Anyone fluent in grep, gawk, wc, sed or whatever might be needed to do that?  :Wink: 

The log-lines are like this

```
May 10 20:13:44 [postfix/smtpd] NOQUEUE: reject: RCPT from unknown[31.200.52.93]: 554 5.7.1 Service unavailable; Client host [31.200.52.93] blocked using tr.dnsbl.vlh.dk; Blocked using GeoIP - not accepting mail from Turkey, see http://whatismyipaddress.com/ip/31.200.52.93; from=<BoyerDarwin44599@carobcommunications.com> to=<Mike93@vlh.dk> proto=ESMTP helo=<[31.200.52.93]>

May 10 20:14:27 [postfix/smtpd] NOQUEUE: reject: RCPT from unknown[187.172.57.214]: 554 5.7.1 Service unavailable; Client host [187.172.57.214] blocked using mx.dnsbl.vlh.dk; Blocked using GeoIP - not accepting mail from Mexico, see http://whatismyipaddress.com/ip/187.172.57.214; from=<GardnerAngelica6946@intercars.lt> to=<Tawnie@vlh.dk> proto=ESMTP helo=<dsl-187-172-57-214-dyn.prod-infinitum.com.mx>

May 10 20:14:55 [postfix/smtpd] NOQUEUE: reject: RCPT from 104-40-238-49.southernonline.net[49.238.40.104]: 554 5.7.1 <purchase@kalyanimotors.com>: Sender address rejected: Access denied; from=<purchase@kalyanimotors.com> to=<KevinKimberlySinuk@vlh.dk> proto=ESMTP helo=<104-40-238-49.southernonline.net>

```

----------

## Fred Krogh

It seems we are having similar problems with grey listing.  So I've got a reduction from 200 spams a day to about 40.  But each of those has been extra work trying to get something in my configuration files that will avoid getting the same problem twice.  I like your idea of automatically getting data from the log files (mine in in /var/log/messages).   I used sed one time maybe 10 or 20 years ago, so I should be able to use it again.  My problem is that even if I were doing it by hand, I'm not sure what I should extract.  I don't want to get the same spam twice, but I don't want to prevent mail I want from being available.

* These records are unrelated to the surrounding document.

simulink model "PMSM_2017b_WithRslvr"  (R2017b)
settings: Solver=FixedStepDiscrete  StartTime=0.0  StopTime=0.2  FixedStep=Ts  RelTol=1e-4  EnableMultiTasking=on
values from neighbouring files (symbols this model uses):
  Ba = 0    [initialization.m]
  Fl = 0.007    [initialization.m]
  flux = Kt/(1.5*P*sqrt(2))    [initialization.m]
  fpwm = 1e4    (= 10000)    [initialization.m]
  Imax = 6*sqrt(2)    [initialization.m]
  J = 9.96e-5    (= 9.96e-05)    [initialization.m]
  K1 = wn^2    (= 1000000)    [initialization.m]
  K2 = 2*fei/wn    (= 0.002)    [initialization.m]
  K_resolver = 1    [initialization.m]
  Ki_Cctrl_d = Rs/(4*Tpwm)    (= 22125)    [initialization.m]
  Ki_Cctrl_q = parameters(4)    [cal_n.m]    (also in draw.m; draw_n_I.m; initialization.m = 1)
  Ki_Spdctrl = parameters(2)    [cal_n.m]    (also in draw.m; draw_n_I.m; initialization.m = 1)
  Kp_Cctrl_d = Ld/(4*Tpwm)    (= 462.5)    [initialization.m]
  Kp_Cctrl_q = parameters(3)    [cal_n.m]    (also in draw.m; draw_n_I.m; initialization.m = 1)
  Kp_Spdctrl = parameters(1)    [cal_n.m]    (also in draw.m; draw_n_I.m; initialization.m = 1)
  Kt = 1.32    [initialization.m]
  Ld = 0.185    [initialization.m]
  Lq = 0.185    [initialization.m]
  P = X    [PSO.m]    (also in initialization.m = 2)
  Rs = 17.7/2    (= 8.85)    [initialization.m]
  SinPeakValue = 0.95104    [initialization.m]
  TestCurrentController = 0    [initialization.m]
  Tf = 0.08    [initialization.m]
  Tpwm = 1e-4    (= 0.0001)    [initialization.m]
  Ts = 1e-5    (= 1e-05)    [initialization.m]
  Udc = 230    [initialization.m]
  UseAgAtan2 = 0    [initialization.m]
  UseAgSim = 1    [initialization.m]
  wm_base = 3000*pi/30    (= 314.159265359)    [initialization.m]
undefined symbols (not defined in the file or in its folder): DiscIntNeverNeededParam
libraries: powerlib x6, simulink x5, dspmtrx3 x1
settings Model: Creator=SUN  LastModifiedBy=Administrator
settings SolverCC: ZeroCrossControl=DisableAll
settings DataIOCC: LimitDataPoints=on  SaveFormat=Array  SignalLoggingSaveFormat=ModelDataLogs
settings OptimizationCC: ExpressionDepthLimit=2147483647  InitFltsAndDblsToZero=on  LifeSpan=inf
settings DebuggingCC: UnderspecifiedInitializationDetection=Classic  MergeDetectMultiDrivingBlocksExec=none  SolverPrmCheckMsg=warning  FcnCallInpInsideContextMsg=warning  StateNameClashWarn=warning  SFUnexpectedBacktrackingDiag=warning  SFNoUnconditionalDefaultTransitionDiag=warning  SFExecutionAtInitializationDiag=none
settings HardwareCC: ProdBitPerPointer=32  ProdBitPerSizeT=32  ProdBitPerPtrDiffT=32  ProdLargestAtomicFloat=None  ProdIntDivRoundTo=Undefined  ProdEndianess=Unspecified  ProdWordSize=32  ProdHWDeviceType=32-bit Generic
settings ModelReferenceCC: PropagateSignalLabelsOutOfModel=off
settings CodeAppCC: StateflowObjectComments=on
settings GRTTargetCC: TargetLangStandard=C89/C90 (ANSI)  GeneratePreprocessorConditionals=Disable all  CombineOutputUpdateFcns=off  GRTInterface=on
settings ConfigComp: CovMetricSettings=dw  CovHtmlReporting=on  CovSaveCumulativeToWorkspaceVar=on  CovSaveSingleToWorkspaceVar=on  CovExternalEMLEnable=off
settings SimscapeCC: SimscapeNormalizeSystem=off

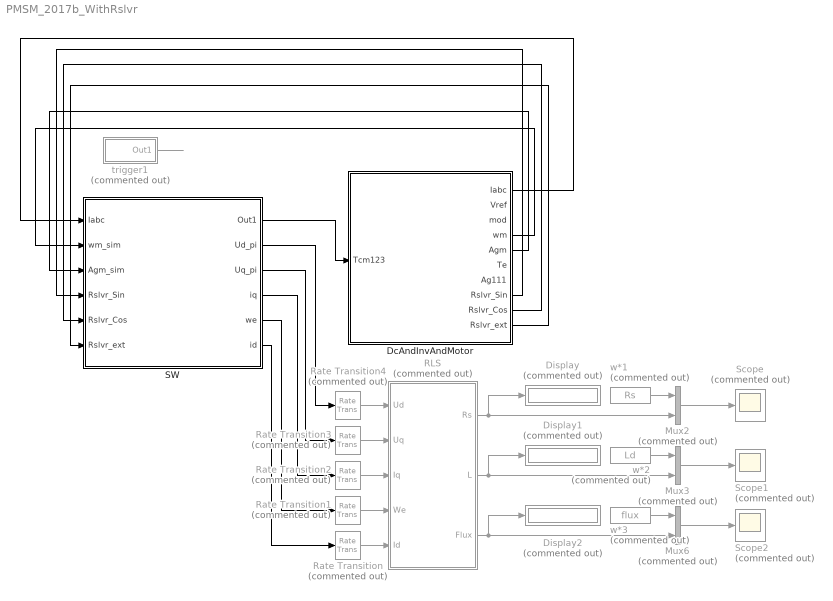
== system PMSM_2017b_WithRslvr ==
  DcAndInvAndMotor : Subsystem
  Display : Display  Commented=on
  Display1 : Display  Commented=on
  Display2 : Display  Commented=on
  Mux2 : Mux  Commented=on  Inputs=2
  Mux3 : Mux  Commented=on  Inputs=2
  Mux6 : Mux  Commented=on  Inputs=2
  RLS : Subsystem  Commented=on
      mask Display: disp('RLS');
  Rate Transition{,1..4} (5 alike) : RateTransition  Commented=on
  SW : Subsystem
  Scope : Scope  Commented=on
  Scope1 : Scope  Commented=on
  Scope2 : Scope  Commented=on
  trigger1 : Subsystem  Commented=on
  w*1 : Constant  Commented=on  Value=Rs
  w*2 : Constant  Commented=on  Value=Ld
  w*3 : Constant  Commented=on  Value=flux
  wires:
  w*3/1 -> Mux6/1
  Mux6/1 -> Scope2/1
  RLS/3(Flux) -> Display2/1, Mux6/2
  w*2/1 -> Mux3/1
  Mux3/1 -> Scope1/1
  w*1/1 -> Mux2/1
  RLS/1(Rs) -> Mux2/2, Display/1
  Mux2/1 -> Scope/1
  RLS/2(L) -> Display1/1, Mux3/2
  trigger1/1(Out1) -> ?
  SW/1(Out1) -> DcAndInvAndMotor/1(Tcm123)
  DcAndInvAndMotor/1(Iabc) -> SW/1(Iabc)
  SW/4(iq) -> Rate Transition2/1
  SW/5(we) -> Rate Transition1/1
  SW/2(Ud_pi) -> Rate Transition4/1
  SW/3(Uq_pi) -> Rate Transition3/1
  SW/6(id) -> Rate Transition/1
  Rate Transition/1 -> RLS/5(Id)
  Rate Transition1/1 -> RLS/4(We)
  Rate Transition2/1 -> RLS/3(Iq)
  Rate Transition3/1 -> RLS/2(Uq)
  Rate Transition4/1 -> RLS/1(Ud)
  DcAndInvAndMotor/5(Agm) -> SW/3(Agm_sim)
  DcAndInvAndMotor/8(Rslvr_Sin) -> SW/4(Rslvr_Sin)
  DcAndInvAndMotor/9(Rslvr_Cos) -> SW/5(Rslvr_Cos)
  DcAndInvAndMotor/10(Rslvr_ext) -> SW/6(Rslvr_ext)
  DcAndInvAndMotor/4(wm) -> SW/2(wm_sim)

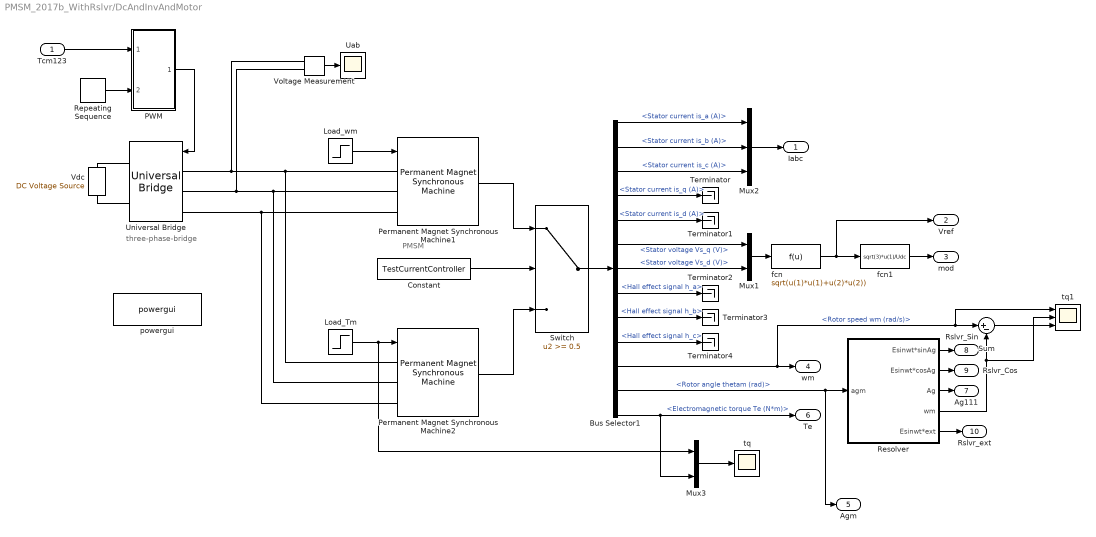
== system PMSM_2017b_WithRslvr/DcAndInvAndMotor ==
  note: three-phase-bridge
  note: PMSM
  Tcm123 : Inport
  Bus Selector1 : BusSelector  OutputSignals=Stator current is_a (A),Stator current is_b (A),Stator current is_c (A),Stator current is_q (A),Stator current is_d (A),Stator voltage Vs_q (V),Stator voltage Vs_d (V),Hall effect signal h_a,Hall effect signal h_b,Hall effect signal h_c,Rotor speed wm (rad/s),Rotor angle thetam (rad),Electromagnetic torque Te (N*m)
  Constant : Constant  Value=TestCurrentController
  Load_Tm : Step  Time=0.15  After=0  SampleTime=0
  Load_wm : Step  Time=0.15  Before=30  After=100  SampleTime=0
  Mux1 : Mux  Inputs=2
  Mux2 : Mux  Inputs=3
  Mux3 : Mux  Inputs=2
  PWM : Subsystem
  Permanent Magnet Synchronous Machine1 : powerlib/Machines/Permanent Magnet Synchronous Machine  NbPhases=3  FluxDistribution=Sinusoidal  RotorType=Salient-pole  MechanicalLoad=Speed w  PresetModel=No  ShowDetailedParameters=on  MeasurementBus=off  Resistance=Rs  Inductance=8.5e-3  dqInductances=[Ld Lq]  La=Lq  MachineConstant=Flux linkage established by magnets (V.s)  Flux=flux  VoltageCst=112.8644  TorqueCst=0.93338  Flat=120  Mechanical=[J Fl P Tf]  PolePairs=P  InitialConditions=[0,0,0,0]  InitialConditions5ph=[0 0 0 0 0 0]  TsPowergui=0  TsBlock=-1  RefAngle=Aligned with phase A axis (original Park)
      settings: SourceProductName=Simscape Power Systems
  Permanent Magnet Synchronous Machine2 : powerlib/Machines/Permanent Magnet Synchronous Machine  NbPhases=3  FluxDistribution=Sinusoidal  RotorType=Salient-pole  MechanicalLoad=Torque Tm  PresetModel=No  ShowDetailedParameters=on  MeasurementBus=off  Resistance=Rs  Inductance=8.5e-3  dqInductances=[Ld Lq]  La=Lq  MachineConstant=Flux linkage established by magnets (V.s)  Flux=flux  VoltageCst=112.8644  TorqueCst=0.93338  Flat=120  Mechanical=[J Fl P Tf]  PolePairs=P  InitialConditions=[0,0,0,0]  InitialConditions5ph=[0 0 0 0 0 0]  TsPowergui=0  TsBlock=-1  RefAngle=Aligned with phase A axis (original Park)
      settings: SourceProductName=Simscape Power Systems
  Repeating Sequence : simulink/Sources/Repeating Sequence  rep_seq_t=[0 Tpwm/2 Tpwm]  rep_seq_y=[0 Tpwm/2 0]
  Resolver : Subsystem
  Sum : Sum  Inputs=|+-
  Switch : Switch  Threshold=0.5
  Terminator{,1..4} (5 alike) : Terminator
  Uab : Scope
  Universal Bridge : powerlib/Power Electronics/Universal Bridge  Arms=3  SnubberResistance=1e5  SnubberCapacitance=inf  Device=IGBT / Diodes  Ron=1e-3  Lon=0  ForwardVoltages="[  0  0  ]"  ForwardVoltage=0  GTOparameters=[ 10e-6 , 20e-6 ]  IGBTparameters=[ 1e-6 , 2e-6 ]  Measurements=None  Measurements_2=None  converterType=Rectifier
  Vdc : powerlib/Electrical Sources/DC Voltage Source  Amplitude=Udc  Measurements=Voltage
  Voltage Measurement : powerlib/Measurements/Voltage Measurement  PhasorSimulation=off  OutputType=Complex  PSBequivalent=0
  fcn : Fcn  Expr=sqrt(u(1)*u(1)+u(2)*u(2))
  fcn1 : Fcn  Expr=sqrt(3)*u(1)/Udc
  powergui : powerlib/powergui  SimulationMode=Discrete  SampleTime=Ts  frequency=60  Iterations=50  frequencyindice=0  Pbase=100e6  ErrMax=1e-4  UnitsV=kV  UnitsW=MW  buscounter=0  FunctionMessages=off  echomessages=off  EnableUseOfTLC=off  CurrentSourceSwitches=off  DisableSnubberDevices=off  DisableRonSwitches=off  DisableVfSwitches=off  DisplayEquations=off  SolverType=Backward Euler  Interpol=off  ExternalGateDelay=off  methode=off  Ts=0  x0status=blocks  SPID=off  SwTol=0  HookPort=off  RestoreLinks=warning  ResistiveCurrentMeasurement=off  Frange=[0:2:500]  Ylog=off  Xlog=on  ShowGrid=off  save=off  variable=ZData  structure=0  ZoomFFT=on  StartTime=0.0  cycles=1  DisplayStyle=1  fundamental=60  FreqAxis=off  MaxFrequency=1000  frequencyindicesteady=1  RmsSteady=1  display=off
  tq : Scope
  tq1 : Scope  NumInputPorts=3
  Iabc : Outport
  Vref : Outport  Port=2
  mod : Outport  Port=3
  wm : Outport  Port=4
  Agm : Outport  Port=5
  Te : Outport  Port=6
  Ag111 : Outport  Port=7
  Rslvr_Sin : Outport  Port=8
  Rslvr_Cos : Outport  Port=9
  Rslvr_ext : Outport  Port=10
  wires:
  Voltage Measurement/1 -> Uab/1
  Mux1/1 -> fcn/1
  fcn1/1 -> mod/1
  fcn/1 -> Vref/1, fcn1/1
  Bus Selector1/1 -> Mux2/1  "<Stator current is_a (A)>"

I don't find the postfix documents that easy to understand.  I believe sender_access is for mail that is to delivered from the host machine.  I'm not clear on client_access.  Is that for clients that want to send mail from this host, or for clients that want to have the host receive their mail?

So for sender_access I have in mind something like this: *Quote:*   

> my_buddy@  OK
> 
> someone_else@their_email_address OK
> 
> lots more like these
> ...

 

The hope is that if I reject a domain the appears in the OK part of the list the mail still arrives.  I'm concerned that sed will pick up valid mail and make up an entry for the bottom part of the list.  If this works as I hope then that should not be a problem.  Otherwise, how do we insure that sed is not picking up domain names for valid mail?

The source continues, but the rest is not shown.